▸ **EXERCISE**: Look below for the line holding "- 2x TRRS jack" and the line holding "- 2x [Tenting". Transcribe exactly those lines and all lines between them, nothing more.
GIVEN RECORDS START
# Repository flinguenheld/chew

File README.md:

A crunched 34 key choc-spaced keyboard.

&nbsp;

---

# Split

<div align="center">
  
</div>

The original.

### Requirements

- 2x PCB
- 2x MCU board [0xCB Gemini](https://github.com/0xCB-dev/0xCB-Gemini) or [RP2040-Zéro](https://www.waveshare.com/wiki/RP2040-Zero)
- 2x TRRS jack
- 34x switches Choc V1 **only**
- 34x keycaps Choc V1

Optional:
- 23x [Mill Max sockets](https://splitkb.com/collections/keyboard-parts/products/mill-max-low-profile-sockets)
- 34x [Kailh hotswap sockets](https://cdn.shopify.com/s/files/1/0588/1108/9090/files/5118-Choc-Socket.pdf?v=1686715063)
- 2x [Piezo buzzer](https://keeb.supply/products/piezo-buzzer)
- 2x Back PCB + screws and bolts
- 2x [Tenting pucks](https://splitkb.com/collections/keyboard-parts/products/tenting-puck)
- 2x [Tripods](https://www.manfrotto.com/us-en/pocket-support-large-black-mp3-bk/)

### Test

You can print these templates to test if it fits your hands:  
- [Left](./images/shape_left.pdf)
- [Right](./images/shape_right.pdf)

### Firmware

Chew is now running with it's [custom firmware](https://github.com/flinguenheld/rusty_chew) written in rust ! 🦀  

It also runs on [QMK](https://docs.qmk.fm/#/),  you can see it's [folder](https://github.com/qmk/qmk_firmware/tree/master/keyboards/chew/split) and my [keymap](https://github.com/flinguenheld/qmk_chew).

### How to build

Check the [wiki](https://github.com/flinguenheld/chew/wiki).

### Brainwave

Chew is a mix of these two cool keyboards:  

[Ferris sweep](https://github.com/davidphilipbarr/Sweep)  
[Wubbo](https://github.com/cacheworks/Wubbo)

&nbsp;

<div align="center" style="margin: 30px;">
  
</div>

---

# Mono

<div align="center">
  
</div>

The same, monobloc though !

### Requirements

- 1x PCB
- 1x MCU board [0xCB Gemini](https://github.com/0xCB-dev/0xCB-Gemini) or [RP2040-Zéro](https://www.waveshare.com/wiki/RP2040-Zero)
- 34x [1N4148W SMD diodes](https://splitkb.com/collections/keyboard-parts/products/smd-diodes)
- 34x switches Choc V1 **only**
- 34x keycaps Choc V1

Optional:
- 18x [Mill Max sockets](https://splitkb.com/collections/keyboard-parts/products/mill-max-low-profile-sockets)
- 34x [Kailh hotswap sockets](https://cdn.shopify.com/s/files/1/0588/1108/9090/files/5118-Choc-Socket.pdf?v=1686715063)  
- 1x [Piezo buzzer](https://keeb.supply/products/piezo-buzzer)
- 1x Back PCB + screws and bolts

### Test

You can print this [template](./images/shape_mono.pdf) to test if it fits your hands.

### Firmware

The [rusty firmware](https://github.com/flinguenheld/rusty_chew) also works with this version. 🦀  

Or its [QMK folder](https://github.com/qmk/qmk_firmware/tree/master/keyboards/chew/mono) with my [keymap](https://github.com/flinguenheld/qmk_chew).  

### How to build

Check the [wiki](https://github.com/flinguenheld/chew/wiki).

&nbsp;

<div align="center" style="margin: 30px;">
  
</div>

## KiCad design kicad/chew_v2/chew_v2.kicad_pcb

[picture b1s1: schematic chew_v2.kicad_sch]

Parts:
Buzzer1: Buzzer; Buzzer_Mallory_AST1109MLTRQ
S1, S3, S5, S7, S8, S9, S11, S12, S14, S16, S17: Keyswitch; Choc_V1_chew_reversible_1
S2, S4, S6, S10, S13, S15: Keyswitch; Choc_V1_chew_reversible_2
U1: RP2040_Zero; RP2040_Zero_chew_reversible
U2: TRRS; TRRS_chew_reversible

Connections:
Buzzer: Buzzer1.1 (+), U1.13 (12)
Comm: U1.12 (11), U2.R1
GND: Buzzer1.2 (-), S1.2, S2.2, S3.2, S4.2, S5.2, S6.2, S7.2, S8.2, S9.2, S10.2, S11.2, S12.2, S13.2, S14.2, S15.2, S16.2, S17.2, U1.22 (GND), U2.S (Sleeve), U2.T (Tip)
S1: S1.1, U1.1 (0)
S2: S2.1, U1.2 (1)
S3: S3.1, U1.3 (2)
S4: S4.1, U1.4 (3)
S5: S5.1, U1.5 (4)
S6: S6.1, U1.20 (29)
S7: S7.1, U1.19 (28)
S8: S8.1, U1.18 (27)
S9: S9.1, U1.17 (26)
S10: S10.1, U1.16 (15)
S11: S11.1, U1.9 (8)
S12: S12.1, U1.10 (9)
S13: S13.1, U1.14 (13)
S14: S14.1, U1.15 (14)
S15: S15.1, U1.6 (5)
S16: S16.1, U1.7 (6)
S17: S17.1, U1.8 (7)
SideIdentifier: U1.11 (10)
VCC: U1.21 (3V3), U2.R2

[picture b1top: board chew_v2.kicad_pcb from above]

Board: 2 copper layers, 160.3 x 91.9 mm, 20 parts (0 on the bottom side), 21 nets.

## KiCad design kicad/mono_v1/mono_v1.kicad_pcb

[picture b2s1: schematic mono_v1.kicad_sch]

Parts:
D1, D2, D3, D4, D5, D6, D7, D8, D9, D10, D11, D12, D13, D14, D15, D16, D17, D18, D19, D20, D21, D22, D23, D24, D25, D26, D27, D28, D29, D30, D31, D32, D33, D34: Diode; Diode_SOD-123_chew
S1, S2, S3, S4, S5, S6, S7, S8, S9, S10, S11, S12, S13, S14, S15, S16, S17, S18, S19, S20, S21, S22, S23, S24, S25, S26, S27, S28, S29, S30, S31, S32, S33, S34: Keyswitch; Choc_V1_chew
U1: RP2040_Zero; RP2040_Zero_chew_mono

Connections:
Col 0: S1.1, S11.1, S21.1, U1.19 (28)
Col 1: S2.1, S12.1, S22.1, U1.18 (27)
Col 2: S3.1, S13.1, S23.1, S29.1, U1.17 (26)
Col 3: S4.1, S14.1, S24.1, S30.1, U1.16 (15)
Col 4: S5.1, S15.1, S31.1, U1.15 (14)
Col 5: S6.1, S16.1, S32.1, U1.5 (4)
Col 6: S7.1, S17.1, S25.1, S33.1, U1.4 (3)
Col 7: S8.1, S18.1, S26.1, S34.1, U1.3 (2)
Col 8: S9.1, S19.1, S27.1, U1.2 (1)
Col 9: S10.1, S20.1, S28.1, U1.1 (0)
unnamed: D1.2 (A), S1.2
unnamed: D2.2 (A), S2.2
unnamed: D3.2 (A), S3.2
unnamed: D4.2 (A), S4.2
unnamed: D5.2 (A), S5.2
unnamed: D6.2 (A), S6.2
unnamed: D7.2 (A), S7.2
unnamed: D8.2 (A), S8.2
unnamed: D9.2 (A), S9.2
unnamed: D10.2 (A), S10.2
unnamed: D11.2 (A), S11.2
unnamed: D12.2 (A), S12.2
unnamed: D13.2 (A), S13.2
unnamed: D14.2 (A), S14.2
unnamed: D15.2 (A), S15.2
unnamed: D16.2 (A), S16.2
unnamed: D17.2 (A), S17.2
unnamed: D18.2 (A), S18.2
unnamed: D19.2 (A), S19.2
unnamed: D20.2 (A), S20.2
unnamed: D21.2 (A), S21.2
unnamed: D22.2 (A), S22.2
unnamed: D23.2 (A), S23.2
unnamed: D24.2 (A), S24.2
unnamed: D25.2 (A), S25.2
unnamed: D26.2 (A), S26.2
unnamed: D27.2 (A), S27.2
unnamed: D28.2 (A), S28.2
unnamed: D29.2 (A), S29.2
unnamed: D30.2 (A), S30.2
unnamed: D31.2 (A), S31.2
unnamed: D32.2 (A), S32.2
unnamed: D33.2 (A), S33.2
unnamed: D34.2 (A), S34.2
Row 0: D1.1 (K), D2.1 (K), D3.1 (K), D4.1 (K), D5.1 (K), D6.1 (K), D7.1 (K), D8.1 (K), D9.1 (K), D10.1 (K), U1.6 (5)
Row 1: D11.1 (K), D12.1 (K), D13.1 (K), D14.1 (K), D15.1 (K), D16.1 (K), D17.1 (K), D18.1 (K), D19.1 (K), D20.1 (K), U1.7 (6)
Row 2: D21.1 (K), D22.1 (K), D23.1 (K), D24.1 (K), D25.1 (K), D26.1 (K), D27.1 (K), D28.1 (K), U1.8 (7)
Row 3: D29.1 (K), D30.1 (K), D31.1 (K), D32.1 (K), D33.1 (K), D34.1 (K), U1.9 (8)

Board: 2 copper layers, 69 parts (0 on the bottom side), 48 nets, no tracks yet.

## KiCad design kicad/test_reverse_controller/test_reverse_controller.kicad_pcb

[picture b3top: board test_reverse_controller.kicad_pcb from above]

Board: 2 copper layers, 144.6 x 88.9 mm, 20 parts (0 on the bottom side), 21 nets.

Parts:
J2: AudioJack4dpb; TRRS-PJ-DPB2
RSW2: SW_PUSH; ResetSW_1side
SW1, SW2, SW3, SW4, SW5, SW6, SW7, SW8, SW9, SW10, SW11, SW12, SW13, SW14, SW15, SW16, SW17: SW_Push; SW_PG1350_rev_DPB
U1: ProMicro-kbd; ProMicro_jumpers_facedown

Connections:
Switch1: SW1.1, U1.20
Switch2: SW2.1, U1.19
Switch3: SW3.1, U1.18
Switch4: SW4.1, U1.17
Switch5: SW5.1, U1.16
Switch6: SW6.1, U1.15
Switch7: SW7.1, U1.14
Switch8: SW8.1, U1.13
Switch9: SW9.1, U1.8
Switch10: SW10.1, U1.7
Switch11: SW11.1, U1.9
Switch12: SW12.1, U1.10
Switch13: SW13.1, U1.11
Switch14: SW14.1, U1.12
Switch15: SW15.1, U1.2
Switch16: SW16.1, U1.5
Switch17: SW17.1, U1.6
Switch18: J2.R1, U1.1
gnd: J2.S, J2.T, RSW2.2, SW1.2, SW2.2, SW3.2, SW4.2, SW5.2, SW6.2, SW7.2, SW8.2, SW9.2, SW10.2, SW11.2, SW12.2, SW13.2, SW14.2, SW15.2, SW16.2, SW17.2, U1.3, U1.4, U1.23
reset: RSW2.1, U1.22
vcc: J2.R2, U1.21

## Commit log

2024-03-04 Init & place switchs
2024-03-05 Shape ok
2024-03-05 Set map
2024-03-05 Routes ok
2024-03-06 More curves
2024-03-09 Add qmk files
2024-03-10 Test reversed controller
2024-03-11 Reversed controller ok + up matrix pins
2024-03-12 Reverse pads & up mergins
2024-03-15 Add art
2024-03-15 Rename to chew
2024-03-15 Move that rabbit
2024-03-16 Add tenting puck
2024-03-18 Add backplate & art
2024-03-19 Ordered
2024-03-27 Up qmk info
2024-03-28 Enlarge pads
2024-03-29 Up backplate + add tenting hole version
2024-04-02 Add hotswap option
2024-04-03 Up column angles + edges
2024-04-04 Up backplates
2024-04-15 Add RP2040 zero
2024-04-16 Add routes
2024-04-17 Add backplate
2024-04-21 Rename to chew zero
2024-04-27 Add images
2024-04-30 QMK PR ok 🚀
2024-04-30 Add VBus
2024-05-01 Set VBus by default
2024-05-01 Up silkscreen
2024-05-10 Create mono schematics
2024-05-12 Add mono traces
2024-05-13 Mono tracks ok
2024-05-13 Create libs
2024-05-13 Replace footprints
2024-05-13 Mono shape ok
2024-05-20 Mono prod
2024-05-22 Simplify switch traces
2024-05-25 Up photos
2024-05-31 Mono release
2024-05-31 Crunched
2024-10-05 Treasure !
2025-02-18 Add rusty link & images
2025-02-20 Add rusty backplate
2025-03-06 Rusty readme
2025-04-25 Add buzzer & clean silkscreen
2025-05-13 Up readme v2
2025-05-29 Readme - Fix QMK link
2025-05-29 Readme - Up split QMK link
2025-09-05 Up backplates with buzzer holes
GIVEN RECORDS END
▸ **RESULT OF THIS TASK**:
- 2x TRRS jack
- 34x switches Choc V1 **only**
- 34x keycaps Choc V1

Optional:
- 23x [Mill Max sockets](https://splitkb.com/collections/keyboard-parts/products/mill-max-low-profile-sockets)
- 34x [Kailh hotswap sockets](https://cdn.shopify.com/s/files/1/0588/1108/9090/files/5118-Choc-Socket.pdf?v=1686715063)
- 2x [Piezo buzzer](https://keeb.supply/products/piezo-buzzer)
- 2x Back PCB + screws and bolts
- 2x [Tenting pucks](https://splitkb.com/collections/keyboard-parts/products/tenting-puck)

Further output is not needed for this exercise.